When factoring effect size into your decision-making process, these five rules provide decision-makers with some good considerations. First, Kraft reminds us that correlational studies cannot be used to derive causation. Education leaders must be careful not to draw this conclusion as it will almost certainly steer them in the wrong direction. Next, Kraft advises us to consider the makeup of the study itself and how the data was collected and analyzed. This harks back to my previous advice to trust the author’s interpretation. Finally, Kraft encourages us to consider both cost and scalability. I think this is vitally important for school level decision makers who often have limited resources. If faced with a decision between two interventions, one with an effect size of d=0.23 and another with an effect size of d=0.89, the less informed leader may automatically select the latter intervention; relying solely on effect size to inform their decision.
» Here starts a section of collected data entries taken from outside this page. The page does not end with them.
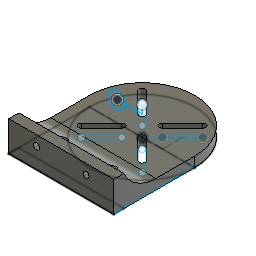
support (Autodesk Fusion 360 design; units mm, degrees)
Autodesk Fusion 360 part; units mm, degrees
note: some values were not read from the file. Set by a fixed rule: which sketch regions a step uses.
sketch "Esquisse1" plane through (0, 0, 0) normal (0, 1, 0) x (1, 0, 0)
  circle A0 centre (0, 0) radius 26
  line L0 (0, 0) -> (-26, 0) construction
  line L1 (0, 0) -> (26, 0) construction
  line L2 (-26, 0) -> (26, 0)
  line L3 (26, 0) -> (26, -40)
  line L4 (26, -40) -> (-26, -40)
  line L5 (-26, -40) -> (-26, 0)
  line L6 (-26, -40) -> (26, -40)
  line L7 (26, -40) -> (26, -35)
  line L8 (26, -35) -> (-26, -35)
  line L9 (-26, -35) -> (-26, -40)
  line L10 (0, 0) -> (15, 15)
  line L11 (13.9393, 16.0607) -> (3.9393, 6.0607)
  arc A1 (3.9393, 6.0607) -> (6.0607, 3.9393) centre (5, 5) ccw
  line L12 (6.0607, 3.9393) -> (16.0607, 13.9393)
  arc A2 (16.0607, 13.9393) -> (13.9393, 16.0607) centre (15, 15) ccw
  line L13 (15, 15) -> (5, 5) construction
  line L14 (0, 0) -> (10, 0) construction
  line L15 (10, 0) -> (10, 10) construction
  line L16 (-3.9393, 6.0607) -> (-13.9393, 16.0607)
  arc A3 (-6.0607, 3.9393) -> (-3.9393, 6.0607) centre (-5, 5) ccw
  line L17 (-16.0607, 13.9393) -> (-6.0607, 3.9393)
  arc A4 (-13.9393, 16.0607) -> (-16.0607, 13.9393) centre (-15, 15) ccw
  line L18 (-6.0607, -3.9393) -> (-16.0607, -13.9393)
  arc A5 (-3.9393, -6.0607) -> (-6.0607, -3.9393) centre (-5, -5) ccw
  line L19 (-13.9393, -16.0607) -> (-3.9393, -6.0607)
  arc A6 (-16.0607, -13.9393) -> (-13.9393, -16.0607) centre (-15, -15) ccw
  line L20 (3.9393, -6.0607) -> (13.9393, -16.0607)
  arc A7 (6.0607, -3.9393) -> (3.9393, -6.0607) centre (5, -5) ccw
  line L21 (16.0607, -13.9393) -> (6.0607, -3.9393)
  arc A8 (13.9393, -16.0607) -> (16.0607, -13.9393) centre (15, -15) ccw
  dimension "d1" = 52
  dimension "d2" = 40
  dimension "d3" = 5
  dimension "d4" = 3
  dimension "d5" = 10
  dimension "d7" = 360
  constraint coincident A0.centre L0.start
  constraint coincident A0 L0.end
  constraint horizontal L0
  constraint coincident A0 L1.end
  constraint parallel L0 L1
  constraint horizontal L2
  constraint vertical L3
  constraint horizontal L4
  constraint vertical L5
  constraint horizontal L6
  constraint vertical L7
  constraint horizontal L8
  constraint vertical L9
  constraint coincident L3 L7.end
  constraint tangent L11 A1
  constraint tangent A1 L12
  constraint parallel L11 L12
  constraint tangent L12 A2
  constraint tangent L11 A2
  constraint coincident L10 A1.centre
  constraint parallel L10 L13
  constraint coincident L10.end A2.centre
  constraint parallel L1 L14
  constraint midpoint L13 L15.end
  constraint perpendicular L14 L15
  measures "d1" diameter of A0
  measures "d2" distance of L0.end L4.end
  measures "d3" distance of L4.end L8.end
  measures "d4" diameter of A1
  measures "d5" distance of A0.centre L14.end
extrude "Extrusion1" add sketch "Esquisse1" along normal blind 5 contours A0 L2 | A0 L3 L5 L8 | A0 L2
extrude "Extrusion2" add sketch "Esquisse1" along normal blind 15 contours L3 L4 L5 L6 L7 L8 L9
fillet "Congé1" radius 17.5 1 edges at (0, 5, 35)
sketch "Esquisse2" plane through (0, 0, 0) normal (0, 0, 1) x (1, 0, 0)
  line L0 (0, 10) -> (-12.25, 10)
  circle A0 centre (-12.25, 10) radius 1.5
  circle A1 centre (-12.25, 10) radius 4
  line L1 (0, 10) -> (0, 14)
  dimension "d14" = 12.25
  dimension "d15" = 3
  dimension "d16" = 8
  constraint horizontal L0
  constraint coincident L0.end A0.centre
  constraint concentric A0 A1
  constraint perpendicular L0 L1
  measures "d14" distance of L0.start L0.end
  measures "d15" diameter of A0
  measures "d16" diameter of A1
extrude "Extrusion3" cut sketch "Esquisse2" along normal blind 73 contours A0
extrude "Extrusion4" cut sketch "Esquisse2" along normal blind 35
mirror "Symétrie miroir1" about plane through (0, 0, 0) normal (1, 0, 0) of "Extrusion4"
mirror "Symétrie miroir2" about plane through (0, 0, 0) normal (1, 0, 0) of "Extrusion3"
equation "d2 = 66 mm - 26 mm"

A more informed leader would take the time to understand the cost and staffing implications of deploying both interventions and select the earlier intervention because it could be more realistically deployed with fidelity in their school.

As I work with educators across the United States on evidence-informed decision-making, this example is an all too common one. Many education leaders have set arbitrary interpretive benchmarks in their minds and refuse to consider interventions that exist outside of their established effect size wishes. This is not the way. Effective and informed leaders know to consider the entirety of a study – and ideally multiple studies – when making decisions about teaching and learning. They consider their population, their unique setting, their available financial and staff resources, and the prior skill and experience of their team when selecting interventions.

A blog like this only has so much instructive power, so I would encourage you to keep reading and learning about effect size and how to use it. In addition to the books and articles already linked in this post, here are some other good places to look as you seek to expand your knowledge of statistical interpretation.

I hope you have found this article informative and helpful on your journey toward becoming an evidence-informed educator. Remember, next time you see an effect size being reported in a study, consider the whole scope of the study before determining how to interpret its outcomes; and trust the author’s interpretation. Stay away from those who would provide a single interpretative rule and ask hard questions of those trying to use effect size to sell you a product or service. Good luck on your journey friends and let me know how I can help.